Looks like they are going the A7/A8 direction with the headlights. I hope there are more changes because it looks like they only did the rear end and the front end. Looks less curvy on the sides.


----------



## twocati

Wow...I'm sure it will have superior LED technology for the head/tailights however the new rear reminds me of the Chevorlet Camaro and the front doesn't appeal to me..I hope it looks better in person..


----------



## davelincs

How many versions of the mk3 have we seen upto now?


----------



## spike

To Be fair, look how different versions there are of the Mk2.

Certainly my S-Line bumpers are different from normal, as I believe the RS has a different body kit to standard too.


----------



## Blade_76

Looks to similar to MkII, I'd be disappointed if that was it. :?


----------



## ZephyR2

Blade_76 said:


> Looks to similar to MkII, I'd be disappointed if that was it. :?

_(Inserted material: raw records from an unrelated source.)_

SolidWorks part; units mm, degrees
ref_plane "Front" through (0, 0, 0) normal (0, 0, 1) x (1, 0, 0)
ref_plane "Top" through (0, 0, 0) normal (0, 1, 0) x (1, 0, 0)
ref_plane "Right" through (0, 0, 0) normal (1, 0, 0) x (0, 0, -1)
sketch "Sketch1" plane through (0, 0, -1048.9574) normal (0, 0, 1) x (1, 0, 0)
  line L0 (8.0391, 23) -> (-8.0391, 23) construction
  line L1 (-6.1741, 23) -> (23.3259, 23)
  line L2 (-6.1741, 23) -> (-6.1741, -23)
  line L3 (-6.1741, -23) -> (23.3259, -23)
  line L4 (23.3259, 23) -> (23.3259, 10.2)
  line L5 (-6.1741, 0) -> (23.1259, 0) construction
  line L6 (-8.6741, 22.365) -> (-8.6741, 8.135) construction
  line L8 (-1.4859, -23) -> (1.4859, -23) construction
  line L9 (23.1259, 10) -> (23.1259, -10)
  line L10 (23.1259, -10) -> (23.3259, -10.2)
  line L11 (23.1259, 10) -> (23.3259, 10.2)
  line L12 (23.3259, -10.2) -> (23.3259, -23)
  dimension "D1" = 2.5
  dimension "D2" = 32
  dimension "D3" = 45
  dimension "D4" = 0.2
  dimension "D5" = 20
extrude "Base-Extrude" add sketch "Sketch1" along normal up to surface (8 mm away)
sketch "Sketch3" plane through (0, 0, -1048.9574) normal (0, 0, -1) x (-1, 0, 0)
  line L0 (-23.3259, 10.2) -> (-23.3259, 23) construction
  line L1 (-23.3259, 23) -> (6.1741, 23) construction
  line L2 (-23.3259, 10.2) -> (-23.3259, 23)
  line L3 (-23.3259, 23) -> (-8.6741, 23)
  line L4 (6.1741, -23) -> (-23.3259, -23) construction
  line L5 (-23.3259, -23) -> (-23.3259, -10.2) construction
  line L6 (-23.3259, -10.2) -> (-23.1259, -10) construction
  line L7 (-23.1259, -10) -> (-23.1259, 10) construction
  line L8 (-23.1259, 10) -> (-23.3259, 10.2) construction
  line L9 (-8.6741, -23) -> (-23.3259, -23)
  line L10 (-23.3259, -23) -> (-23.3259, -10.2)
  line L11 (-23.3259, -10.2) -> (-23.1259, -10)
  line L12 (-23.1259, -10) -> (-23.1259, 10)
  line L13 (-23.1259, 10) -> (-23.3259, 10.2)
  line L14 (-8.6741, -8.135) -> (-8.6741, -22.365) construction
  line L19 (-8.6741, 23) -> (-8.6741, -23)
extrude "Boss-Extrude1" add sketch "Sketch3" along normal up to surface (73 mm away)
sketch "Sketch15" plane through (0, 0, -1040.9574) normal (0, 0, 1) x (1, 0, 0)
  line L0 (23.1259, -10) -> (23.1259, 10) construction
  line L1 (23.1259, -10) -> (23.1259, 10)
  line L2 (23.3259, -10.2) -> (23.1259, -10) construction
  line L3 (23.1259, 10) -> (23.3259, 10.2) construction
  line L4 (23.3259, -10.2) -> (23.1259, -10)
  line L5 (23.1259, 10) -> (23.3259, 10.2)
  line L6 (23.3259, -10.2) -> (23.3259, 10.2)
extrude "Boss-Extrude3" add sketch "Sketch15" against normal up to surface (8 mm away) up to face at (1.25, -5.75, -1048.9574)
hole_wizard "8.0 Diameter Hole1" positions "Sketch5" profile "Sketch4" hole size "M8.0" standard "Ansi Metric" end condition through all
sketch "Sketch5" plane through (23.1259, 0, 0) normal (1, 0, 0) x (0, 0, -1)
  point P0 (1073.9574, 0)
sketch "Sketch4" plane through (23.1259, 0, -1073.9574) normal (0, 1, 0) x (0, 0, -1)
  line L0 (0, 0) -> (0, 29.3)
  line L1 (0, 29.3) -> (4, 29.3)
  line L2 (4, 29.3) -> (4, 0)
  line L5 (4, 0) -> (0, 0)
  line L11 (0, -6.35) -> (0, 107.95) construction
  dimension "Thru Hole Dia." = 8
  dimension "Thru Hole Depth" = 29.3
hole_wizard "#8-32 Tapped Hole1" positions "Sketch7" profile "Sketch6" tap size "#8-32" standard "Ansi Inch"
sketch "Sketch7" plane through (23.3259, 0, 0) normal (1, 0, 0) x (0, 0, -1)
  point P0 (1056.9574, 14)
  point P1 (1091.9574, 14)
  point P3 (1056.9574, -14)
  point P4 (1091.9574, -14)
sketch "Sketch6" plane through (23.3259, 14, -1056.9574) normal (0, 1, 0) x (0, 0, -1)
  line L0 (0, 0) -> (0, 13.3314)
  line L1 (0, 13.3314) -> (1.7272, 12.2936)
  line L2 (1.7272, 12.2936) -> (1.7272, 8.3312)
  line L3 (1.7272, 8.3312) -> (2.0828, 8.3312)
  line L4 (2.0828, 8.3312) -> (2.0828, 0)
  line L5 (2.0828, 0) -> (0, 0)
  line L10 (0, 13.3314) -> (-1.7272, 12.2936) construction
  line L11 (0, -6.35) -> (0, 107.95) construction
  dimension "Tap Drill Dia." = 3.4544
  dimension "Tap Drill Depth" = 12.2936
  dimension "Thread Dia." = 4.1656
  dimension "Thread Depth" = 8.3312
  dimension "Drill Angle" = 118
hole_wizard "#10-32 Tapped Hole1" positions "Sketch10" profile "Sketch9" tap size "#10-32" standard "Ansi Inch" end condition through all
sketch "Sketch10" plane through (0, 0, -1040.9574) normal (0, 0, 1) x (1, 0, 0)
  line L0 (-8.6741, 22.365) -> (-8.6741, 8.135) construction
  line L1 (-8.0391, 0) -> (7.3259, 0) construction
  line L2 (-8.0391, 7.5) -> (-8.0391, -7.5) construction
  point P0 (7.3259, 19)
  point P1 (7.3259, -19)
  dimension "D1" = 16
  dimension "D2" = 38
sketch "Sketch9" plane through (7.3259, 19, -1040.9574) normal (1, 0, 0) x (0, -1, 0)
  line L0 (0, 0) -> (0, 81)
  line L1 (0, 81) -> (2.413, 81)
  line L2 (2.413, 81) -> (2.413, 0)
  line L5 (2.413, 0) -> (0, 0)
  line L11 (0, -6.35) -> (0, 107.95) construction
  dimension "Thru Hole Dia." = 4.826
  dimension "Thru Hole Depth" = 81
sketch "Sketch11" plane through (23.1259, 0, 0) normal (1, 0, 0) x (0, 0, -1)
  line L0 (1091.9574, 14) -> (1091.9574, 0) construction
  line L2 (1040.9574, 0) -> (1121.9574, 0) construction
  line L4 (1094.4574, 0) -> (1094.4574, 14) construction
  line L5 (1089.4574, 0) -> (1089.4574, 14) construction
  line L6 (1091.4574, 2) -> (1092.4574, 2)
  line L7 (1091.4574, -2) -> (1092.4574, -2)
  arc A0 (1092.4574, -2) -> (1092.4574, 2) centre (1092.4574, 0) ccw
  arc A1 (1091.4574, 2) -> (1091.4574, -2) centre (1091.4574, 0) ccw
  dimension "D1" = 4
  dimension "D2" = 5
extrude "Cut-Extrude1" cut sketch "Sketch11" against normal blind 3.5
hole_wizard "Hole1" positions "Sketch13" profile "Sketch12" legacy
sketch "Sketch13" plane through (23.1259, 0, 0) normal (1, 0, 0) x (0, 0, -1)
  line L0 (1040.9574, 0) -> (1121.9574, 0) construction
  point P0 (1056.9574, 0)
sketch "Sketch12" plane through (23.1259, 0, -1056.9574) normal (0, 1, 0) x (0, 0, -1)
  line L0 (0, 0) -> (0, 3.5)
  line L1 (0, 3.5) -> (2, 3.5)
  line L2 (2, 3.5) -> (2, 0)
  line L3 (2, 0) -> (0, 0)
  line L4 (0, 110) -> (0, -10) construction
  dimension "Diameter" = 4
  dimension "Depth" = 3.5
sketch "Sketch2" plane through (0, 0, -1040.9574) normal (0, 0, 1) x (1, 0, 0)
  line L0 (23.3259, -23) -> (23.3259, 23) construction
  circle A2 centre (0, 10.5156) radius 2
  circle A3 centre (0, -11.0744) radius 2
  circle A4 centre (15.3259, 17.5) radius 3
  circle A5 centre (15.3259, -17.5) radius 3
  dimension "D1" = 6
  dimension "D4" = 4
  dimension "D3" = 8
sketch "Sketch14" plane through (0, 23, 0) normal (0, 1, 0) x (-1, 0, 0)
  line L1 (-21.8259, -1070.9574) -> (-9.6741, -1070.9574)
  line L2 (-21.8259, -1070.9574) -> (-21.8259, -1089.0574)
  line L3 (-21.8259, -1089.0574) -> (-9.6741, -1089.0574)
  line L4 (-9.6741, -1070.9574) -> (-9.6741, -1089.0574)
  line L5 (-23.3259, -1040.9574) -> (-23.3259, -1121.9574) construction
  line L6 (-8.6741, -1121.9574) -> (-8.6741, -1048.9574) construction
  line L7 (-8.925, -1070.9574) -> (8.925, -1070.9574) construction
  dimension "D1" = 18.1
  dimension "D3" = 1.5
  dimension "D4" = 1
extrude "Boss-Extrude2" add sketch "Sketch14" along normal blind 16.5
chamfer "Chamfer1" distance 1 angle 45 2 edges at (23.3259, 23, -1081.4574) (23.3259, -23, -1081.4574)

I think that's the closest of all the pics we've seen to what it will actually be like. Its the german way of doing things though - evolution rather revolution. 
I still have problems telling one Golf from another


----------



## Patrizio72

The main differences will be on the inside


----------



## ZephyR2

Patrizio72 said:


> The main differences will be on the inside


The main differences will be invisible to the naked eye.


----------



## Alexjh

ZephyR2 said:


> Patrizio72 said:
> 
> 
> 
> The main differences will be on the inside
> 
> 
> 
> The main differences will be invisible to the naked eye.
Click to expand...

Main difference will be higher price and bragging rights on Internet forum that you have the new model, for a few months at least.... And saying how dated the older models now look,

Lol

Happy with my RS roadster,


----------



## Blake.

Front end really reminds me of the new Lexus IS, not sure how I feel about that.


----------



## MINI-TTGuy

Those pictures show a car with styling encompassing all of the cues seen on the most recent test mule shots - a very good job indeed - every detail is there apart from the LED TT shaped DRLs in the headlights which we know the mark III will have. However, if this is the new TT I will be very disappointed. It is far too generic Audi in appearance and completely lacks the cohesive and perfect fluidity of the Mark II's beautiful lines.


----------



## mr pee

Alexjh said:


> ZephyR2 said:
> 
> 
> 
> 
> 
> Patrizio72 said:
> 
> 
> 
> The main differences will be on the inside
> 
> 
> 
> The main differences will be invisible to the naked eye.
> 
> Click to expand...
> 
> Main difference will be higher price and bragging rights on Internet forum that you have the new model, for a few months at least.... And saying how dated the older models now look,
> 
> Lol
> 
> Happy with my RS roadster,
Click to expand...

I don't know about bragging right on a forum if they have a mk3 section it might turn out to be a lonely place for a while lol


----------



## Patrizio72

Alexjh said:


> ZephyR2 said:
> 
> 
> 
> 
> 
> Patrizio72 said:
> 
> 
> 
> The main differences will be on the inside
> 
> 
> 
> The main differences will be invisible to the naked eye.
> 
> Click to expand...
> 
> Main difference will be higher price and bragging rights on Internet forum that you have the new model, for a few months at least.... And saying how dated the older models now look,
> 
> Lol
> 
> Happy with my RS roadster,
Click to expand...

Well I didn't bother stating that because it was obvious :lol:


----------



## Patrizio72

ZephyR2 said:


> Patrizio72 said:
> 
> 
> 
> The main differences will be on the inside
> 
> 
> 
> The main differences will be invisible to the naked eye.
Click to expand...

Better put some clothes on my eyeballs then!


----------



## Templar

The overall technology of the car will be improved massively as the current TT is running the oldest technology in the entire Audi range. The dealer told me this Friday that the mk3 TT will use the technology as used in the new A3 range so I would imagine pop up nav/infotainment system ect to be one of the obvious. As for the looks, i like it, going by the shown pic's, I like it albeit the family grille I'm not decided on.


----------



## .nayef

Templar said:


> The overall technology of the car will be improved massively as the current TT is running the oldest technology in the entire Audi range. The dealer told me this Friday that the mk3 TT will use the technology as used in the new A3 range so I would imagine pop up nav/infotainment system ect to be one of the obvious. As for the looks, i like it, going by the shown pic's, I like it albeit the family grille I'm not decided on.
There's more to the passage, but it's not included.